▸ TASK TO COMPLETE
Search the listing below for lines containing the string "drawn". Reply with their count only.

[Start of section]

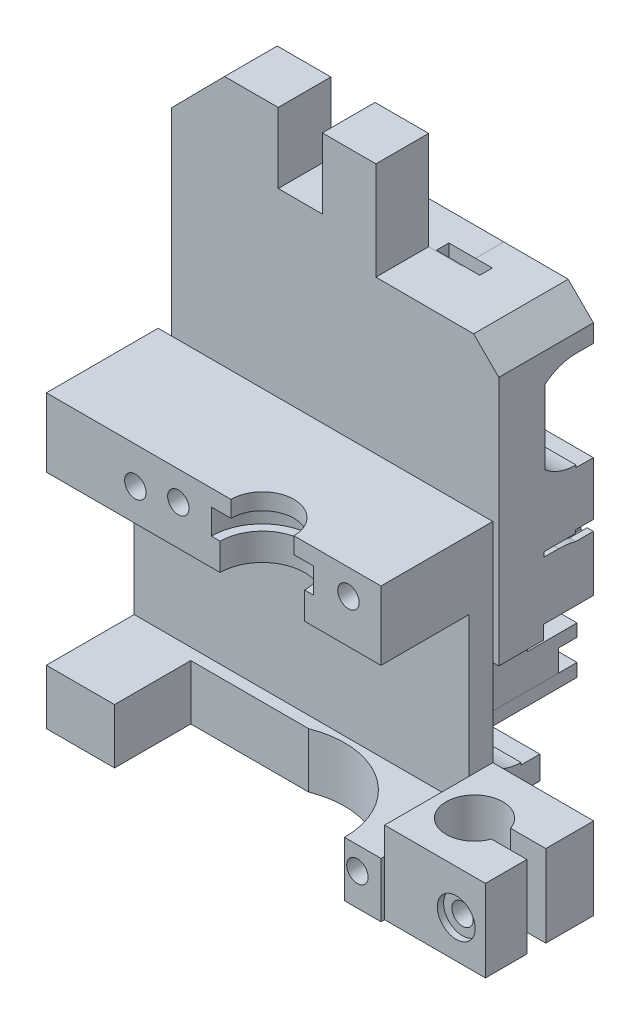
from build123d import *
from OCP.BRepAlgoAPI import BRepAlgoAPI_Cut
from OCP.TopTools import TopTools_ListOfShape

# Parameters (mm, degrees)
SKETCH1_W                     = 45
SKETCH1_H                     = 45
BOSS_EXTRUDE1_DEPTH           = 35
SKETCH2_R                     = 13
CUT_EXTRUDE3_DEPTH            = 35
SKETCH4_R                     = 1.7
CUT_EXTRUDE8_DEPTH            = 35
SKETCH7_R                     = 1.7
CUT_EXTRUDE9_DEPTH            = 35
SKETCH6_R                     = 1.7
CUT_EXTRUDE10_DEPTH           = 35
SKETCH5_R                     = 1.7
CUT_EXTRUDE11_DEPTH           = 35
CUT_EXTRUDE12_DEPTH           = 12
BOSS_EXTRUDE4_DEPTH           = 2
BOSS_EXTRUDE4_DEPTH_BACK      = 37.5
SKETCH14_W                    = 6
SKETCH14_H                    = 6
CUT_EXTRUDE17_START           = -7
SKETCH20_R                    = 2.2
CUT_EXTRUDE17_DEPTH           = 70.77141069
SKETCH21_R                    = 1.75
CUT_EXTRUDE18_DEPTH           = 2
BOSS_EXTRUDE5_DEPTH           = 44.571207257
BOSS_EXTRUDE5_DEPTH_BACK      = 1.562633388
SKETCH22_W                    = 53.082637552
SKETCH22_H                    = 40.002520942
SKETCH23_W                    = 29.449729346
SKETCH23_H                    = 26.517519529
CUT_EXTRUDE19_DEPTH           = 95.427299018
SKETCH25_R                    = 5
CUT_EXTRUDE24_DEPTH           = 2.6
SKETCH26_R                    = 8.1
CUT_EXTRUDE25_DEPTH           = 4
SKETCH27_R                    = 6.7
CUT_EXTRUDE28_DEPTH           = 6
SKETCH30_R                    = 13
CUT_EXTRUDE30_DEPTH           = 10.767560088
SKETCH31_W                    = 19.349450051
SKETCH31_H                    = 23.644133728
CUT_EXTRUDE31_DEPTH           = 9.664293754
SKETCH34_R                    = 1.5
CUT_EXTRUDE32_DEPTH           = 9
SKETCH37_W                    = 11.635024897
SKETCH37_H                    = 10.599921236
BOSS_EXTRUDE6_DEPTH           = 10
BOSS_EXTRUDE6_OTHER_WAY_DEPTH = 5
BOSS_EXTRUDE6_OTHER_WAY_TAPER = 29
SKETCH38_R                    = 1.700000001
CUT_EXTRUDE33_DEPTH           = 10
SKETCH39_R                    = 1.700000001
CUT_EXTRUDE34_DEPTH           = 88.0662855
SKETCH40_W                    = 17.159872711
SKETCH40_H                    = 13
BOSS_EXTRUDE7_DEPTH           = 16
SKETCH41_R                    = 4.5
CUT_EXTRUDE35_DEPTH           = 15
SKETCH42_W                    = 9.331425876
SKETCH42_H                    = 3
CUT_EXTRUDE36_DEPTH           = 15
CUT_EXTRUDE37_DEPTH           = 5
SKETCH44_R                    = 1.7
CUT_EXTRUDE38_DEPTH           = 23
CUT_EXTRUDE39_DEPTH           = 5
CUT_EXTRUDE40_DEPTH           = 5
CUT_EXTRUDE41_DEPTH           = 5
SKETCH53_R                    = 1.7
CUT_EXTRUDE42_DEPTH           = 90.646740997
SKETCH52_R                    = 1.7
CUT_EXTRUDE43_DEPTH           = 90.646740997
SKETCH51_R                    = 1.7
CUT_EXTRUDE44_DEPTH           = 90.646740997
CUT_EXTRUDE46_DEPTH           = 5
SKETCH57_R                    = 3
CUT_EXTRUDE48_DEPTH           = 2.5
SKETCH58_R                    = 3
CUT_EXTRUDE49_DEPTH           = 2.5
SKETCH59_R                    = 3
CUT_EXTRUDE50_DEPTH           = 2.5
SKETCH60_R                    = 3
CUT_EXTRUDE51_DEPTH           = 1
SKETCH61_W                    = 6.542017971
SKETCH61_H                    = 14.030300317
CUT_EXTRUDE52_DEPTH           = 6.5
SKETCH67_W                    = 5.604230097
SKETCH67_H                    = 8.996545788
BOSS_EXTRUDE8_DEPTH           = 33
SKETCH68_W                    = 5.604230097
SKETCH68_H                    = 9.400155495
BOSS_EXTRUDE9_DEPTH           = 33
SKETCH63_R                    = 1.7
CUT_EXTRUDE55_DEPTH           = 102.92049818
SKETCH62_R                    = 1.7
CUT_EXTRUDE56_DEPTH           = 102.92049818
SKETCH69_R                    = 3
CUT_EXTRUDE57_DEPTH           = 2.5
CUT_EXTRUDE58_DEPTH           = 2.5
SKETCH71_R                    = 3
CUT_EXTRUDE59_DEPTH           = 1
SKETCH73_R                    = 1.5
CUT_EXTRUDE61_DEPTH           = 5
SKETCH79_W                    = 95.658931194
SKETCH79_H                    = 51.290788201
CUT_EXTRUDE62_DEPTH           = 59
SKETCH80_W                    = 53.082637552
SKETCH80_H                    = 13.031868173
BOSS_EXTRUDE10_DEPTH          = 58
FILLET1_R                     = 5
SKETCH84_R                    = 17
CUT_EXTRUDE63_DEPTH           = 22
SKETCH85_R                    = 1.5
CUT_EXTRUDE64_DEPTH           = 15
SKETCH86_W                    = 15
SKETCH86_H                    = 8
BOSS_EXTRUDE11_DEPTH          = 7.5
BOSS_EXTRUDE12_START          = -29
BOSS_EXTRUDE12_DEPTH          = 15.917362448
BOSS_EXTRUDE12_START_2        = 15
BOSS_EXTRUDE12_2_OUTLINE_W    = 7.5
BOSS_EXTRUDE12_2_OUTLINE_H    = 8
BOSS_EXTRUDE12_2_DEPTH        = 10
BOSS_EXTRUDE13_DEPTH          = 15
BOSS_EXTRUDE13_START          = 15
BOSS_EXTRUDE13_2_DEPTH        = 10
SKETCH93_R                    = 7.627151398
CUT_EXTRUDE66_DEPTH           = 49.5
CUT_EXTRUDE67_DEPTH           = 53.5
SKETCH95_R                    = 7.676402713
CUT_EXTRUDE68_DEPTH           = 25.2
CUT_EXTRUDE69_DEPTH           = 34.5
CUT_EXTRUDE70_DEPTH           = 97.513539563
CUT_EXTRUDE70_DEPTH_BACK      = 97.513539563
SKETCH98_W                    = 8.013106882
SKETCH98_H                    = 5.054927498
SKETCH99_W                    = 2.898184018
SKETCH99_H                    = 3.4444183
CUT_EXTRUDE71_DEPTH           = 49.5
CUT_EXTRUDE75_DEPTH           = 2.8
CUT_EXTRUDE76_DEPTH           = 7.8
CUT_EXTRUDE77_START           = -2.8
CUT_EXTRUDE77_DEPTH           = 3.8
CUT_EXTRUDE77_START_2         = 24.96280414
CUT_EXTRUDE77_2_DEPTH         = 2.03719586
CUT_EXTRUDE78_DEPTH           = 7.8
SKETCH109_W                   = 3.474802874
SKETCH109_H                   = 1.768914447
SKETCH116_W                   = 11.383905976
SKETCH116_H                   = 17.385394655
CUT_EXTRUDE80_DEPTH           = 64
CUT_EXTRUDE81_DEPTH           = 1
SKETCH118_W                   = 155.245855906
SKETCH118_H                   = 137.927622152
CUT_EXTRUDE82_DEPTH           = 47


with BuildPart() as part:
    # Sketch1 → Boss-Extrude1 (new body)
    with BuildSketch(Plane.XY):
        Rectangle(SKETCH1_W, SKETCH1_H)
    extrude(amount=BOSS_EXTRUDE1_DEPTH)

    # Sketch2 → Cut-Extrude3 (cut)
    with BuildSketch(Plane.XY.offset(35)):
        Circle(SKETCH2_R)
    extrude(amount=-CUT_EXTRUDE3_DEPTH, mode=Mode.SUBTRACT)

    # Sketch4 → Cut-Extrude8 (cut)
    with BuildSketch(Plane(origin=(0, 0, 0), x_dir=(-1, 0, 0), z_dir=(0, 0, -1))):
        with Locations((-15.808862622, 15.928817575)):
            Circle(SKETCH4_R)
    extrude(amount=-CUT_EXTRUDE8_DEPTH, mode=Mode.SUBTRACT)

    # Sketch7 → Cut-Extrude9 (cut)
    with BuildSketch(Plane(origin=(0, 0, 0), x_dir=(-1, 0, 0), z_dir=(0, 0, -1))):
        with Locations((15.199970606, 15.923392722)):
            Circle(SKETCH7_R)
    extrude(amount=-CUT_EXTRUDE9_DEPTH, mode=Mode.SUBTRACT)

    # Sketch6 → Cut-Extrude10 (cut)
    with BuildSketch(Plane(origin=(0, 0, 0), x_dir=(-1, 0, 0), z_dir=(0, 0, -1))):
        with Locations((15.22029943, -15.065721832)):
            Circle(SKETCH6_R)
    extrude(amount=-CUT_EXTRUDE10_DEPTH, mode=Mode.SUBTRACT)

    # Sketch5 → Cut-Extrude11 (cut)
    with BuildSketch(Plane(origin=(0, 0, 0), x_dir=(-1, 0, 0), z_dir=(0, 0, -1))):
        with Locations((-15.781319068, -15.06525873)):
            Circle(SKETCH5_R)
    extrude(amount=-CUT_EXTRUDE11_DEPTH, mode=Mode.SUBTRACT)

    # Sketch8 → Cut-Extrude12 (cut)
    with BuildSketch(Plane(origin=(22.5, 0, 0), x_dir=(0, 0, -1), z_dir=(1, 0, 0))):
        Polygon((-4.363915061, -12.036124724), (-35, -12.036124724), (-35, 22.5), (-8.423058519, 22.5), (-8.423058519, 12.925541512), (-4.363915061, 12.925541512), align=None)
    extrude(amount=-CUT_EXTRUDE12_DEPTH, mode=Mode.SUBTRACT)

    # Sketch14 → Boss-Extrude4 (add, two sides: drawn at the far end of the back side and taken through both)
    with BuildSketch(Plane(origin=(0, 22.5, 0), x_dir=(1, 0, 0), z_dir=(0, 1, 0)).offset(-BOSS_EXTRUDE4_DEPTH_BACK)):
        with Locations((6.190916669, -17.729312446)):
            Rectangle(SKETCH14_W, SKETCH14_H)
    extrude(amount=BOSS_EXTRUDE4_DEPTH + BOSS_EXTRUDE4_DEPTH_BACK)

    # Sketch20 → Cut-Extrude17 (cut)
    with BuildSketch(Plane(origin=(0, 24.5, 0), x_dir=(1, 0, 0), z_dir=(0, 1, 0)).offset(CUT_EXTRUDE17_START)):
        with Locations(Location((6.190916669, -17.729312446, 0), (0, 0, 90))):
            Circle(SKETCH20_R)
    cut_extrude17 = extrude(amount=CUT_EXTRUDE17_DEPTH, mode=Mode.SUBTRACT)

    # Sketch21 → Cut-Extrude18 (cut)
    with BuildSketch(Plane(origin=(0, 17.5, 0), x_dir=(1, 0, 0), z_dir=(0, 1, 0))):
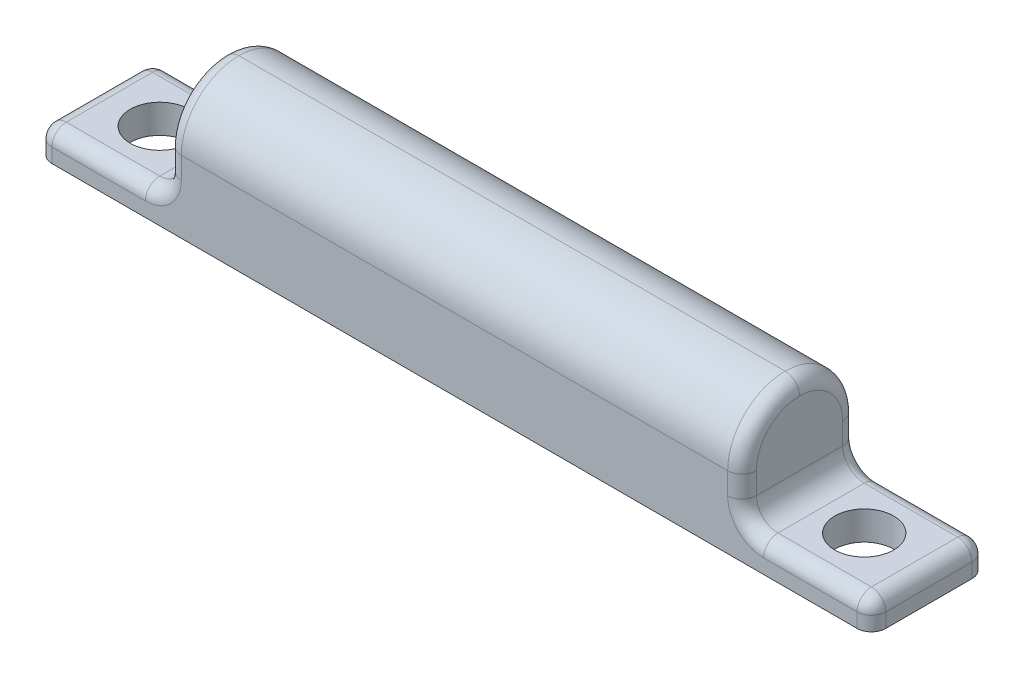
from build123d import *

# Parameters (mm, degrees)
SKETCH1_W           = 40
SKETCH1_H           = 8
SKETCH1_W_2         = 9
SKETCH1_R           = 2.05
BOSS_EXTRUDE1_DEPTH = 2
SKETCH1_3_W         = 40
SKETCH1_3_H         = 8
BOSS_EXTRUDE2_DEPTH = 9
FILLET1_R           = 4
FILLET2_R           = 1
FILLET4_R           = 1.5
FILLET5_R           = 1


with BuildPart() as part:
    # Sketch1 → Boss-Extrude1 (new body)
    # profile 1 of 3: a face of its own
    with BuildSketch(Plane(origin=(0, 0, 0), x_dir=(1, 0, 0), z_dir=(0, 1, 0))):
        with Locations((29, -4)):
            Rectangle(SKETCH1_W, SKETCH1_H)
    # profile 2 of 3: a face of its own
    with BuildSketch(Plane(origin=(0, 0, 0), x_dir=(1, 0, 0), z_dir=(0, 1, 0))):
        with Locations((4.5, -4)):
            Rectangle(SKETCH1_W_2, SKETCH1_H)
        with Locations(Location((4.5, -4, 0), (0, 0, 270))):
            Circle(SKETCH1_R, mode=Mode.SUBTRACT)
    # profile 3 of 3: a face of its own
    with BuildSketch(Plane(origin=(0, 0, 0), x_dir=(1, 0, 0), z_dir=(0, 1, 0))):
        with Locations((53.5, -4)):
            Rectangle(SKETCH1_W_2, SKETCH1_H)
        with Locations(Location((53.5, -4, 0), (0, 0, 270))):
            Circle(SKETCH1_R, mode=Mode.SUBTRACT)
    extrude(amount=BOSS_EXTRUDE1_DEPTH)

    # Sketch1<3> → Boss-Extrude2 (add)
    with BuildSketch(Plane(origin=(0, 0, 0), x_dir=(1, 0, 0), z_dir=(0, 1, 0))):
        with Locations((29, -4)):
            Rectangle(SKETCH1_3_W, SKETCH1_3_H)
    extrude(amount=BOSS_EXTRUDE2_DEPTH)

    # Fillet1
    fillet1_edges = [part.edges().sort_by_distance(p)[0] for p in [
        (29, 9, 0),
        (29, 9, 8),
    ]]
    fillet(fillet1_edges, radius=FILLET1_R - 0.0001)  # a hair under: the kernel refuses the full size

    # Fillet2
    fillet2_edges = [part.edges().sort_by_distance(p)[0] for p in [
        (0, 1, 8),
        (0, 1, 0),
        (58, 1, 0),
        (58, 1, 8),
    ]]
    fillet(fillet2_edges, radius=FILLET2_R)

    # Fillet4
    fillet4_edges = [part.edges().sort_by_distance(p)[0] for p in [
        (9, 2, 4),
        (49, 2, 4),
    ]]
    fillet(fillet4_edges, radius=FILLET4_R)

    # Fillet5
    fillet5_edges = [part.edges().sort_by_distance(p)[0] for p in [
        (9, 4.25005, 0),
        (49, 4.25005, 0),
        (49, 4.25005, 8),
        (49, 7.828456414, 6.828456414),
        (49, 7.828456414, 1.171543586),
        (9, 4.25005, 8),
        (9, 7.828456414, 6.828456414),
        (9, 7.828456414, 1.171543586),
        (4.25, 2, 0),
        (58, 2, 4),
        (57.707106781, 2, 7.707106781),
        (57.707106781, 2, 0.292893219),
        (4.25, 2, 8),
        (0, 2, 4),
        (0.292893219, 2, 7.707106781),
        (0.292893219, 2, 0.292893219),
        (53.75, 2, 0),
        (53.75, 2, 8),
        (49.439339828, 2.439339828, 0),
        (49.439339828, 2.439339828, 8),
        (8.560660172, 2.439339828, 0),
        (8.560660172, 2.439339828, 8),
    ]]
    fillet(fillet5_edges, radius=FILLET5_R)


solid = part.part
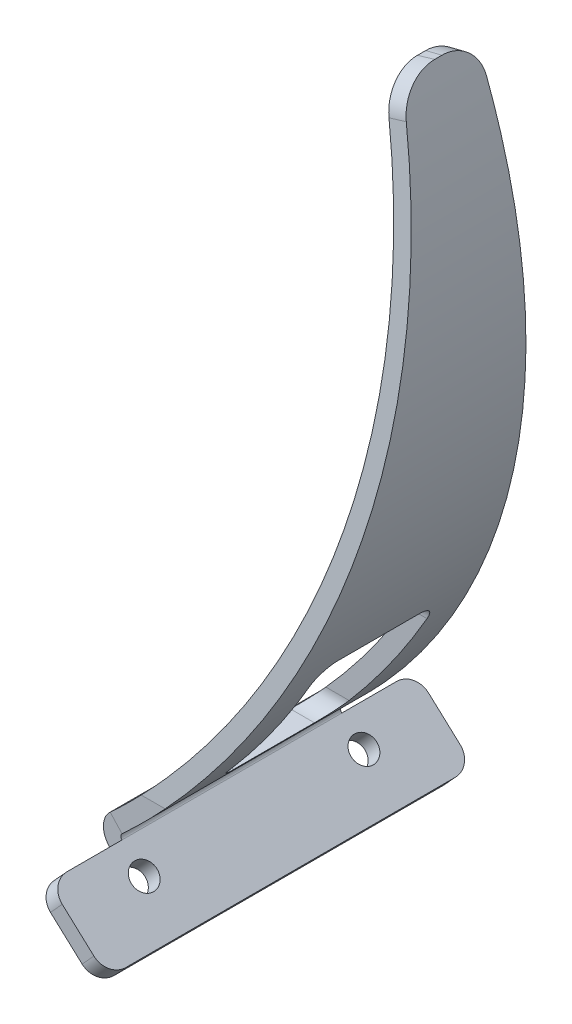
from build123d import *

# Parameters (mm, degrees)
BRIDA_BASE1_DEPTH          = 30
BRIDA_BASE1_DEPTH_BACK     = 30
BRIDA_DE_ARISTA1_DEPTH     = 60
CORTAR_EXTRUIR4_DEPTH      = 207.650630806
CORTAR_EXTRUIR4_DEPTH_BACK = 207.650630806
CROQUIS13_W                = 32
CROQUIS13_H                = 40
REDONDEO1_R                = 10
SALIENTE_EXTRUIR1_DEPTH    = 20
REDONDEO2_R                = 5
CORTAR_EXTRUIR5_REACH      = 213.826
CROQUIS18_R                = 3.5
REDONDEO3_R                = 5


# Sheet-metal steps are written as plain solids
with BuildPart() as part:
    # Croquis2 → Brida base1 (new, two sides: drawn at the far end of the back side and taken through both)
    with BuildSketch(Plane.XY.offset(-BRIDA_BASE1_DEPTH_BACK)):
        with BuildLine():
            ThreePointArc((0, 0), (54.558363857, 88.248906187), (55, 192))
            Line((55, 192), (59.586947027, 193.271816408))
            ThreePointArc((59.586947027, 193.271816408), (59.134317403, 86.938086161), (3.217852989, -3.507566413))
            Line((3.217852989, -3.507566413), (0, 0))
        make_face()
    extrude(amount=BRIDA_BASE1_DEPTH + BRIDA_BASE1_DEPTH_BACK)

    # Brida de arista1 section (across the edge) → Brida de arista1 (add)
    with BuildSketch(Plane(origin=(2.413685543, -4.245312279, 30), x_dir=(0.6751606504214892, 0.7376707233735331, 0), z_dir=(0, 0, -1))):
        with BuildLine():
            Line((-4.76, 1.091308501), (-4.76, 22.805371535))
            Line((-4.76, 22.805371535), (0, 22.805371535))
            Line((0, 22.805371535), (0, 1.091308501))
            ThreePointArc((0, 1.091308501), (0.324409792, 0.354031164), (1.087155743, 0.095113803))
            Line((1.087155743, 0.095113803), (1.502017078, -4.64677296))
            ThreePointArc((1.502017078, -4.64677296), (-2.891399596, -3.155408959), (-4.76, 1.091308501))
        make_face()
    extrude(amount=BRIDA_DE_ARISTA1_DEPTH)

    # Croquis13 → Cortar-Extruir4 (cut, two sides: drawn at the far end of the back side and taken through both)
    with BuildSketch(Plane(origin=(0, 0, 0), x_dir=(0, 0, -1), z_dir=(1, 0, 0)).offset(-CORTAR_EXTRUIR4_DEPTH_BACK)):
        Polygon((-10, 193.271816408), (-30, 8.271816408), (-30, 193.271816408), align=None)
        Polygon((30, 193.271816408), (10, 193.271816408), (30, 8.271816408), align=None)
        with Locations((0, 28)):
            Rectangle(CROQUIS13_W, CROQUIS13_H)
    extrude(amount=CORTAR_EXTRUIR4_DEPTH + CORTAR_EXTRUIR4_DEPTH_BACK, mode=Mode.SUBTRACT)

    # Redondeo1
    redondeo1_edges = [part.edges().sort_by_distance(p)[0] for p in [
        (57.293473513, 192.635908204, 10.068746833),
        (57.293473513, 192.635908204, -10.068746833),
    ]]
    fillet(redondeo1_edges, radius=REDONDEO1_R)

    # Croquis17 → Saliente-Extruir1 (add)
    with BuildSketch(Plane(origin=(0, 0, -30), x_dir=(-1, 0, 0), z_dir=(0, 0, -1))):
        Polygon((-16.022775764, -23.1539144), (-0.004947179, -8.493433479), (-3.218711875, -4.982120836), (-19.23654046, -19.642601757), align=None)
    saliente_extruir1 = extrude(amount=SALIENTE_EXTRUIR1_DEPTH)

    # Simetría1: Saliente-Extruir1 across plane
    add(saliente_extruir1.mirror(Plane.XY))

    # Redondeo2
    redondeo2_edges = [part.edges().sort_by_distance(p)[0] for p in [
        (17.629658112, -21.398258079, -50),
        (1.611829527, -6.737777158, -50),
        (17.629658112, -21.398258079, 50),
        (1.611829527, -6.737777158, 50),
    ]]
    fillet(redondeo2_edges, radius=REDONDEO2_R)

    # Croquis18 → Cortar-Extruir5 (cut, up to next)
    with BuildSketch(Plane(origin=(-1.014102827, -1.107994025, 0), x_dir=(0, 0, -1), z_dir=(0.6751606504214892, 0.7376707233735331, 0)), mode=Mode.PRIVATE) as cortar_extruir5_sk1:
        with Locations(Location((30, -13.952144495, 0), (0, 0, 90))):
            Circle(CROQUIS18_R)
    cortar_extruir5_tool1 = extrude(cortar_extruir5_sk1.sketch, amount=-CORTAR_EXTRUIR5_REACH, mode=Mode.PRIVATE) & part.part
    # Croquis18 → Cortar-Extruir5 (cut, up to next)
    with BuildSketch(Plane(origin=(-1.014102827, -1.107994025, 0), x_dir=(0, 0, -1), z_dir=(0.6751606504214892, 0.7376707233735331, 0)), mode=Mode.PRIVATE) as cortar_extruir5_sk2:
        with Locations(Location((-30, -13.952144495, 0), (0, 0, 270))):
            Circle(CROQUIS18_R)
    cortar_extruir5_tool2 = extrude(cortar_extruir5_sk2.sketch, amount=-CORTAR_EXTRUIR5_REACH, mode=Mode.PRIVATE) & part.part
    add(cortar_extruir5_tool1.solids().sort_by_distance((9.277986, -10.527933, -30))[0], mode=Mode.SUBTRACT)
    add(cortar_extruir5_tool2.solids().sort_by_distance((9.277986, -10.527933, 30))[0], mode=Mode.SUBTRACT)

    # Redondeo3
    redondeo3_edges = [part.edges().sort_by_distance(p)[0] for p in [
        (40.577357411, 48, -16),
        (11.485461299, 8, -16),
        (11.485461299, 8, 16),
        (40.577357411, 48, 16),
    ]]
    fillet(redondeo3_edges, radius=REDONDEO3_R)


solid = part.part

[End of section]

▸ SOLVED EXERCISE
3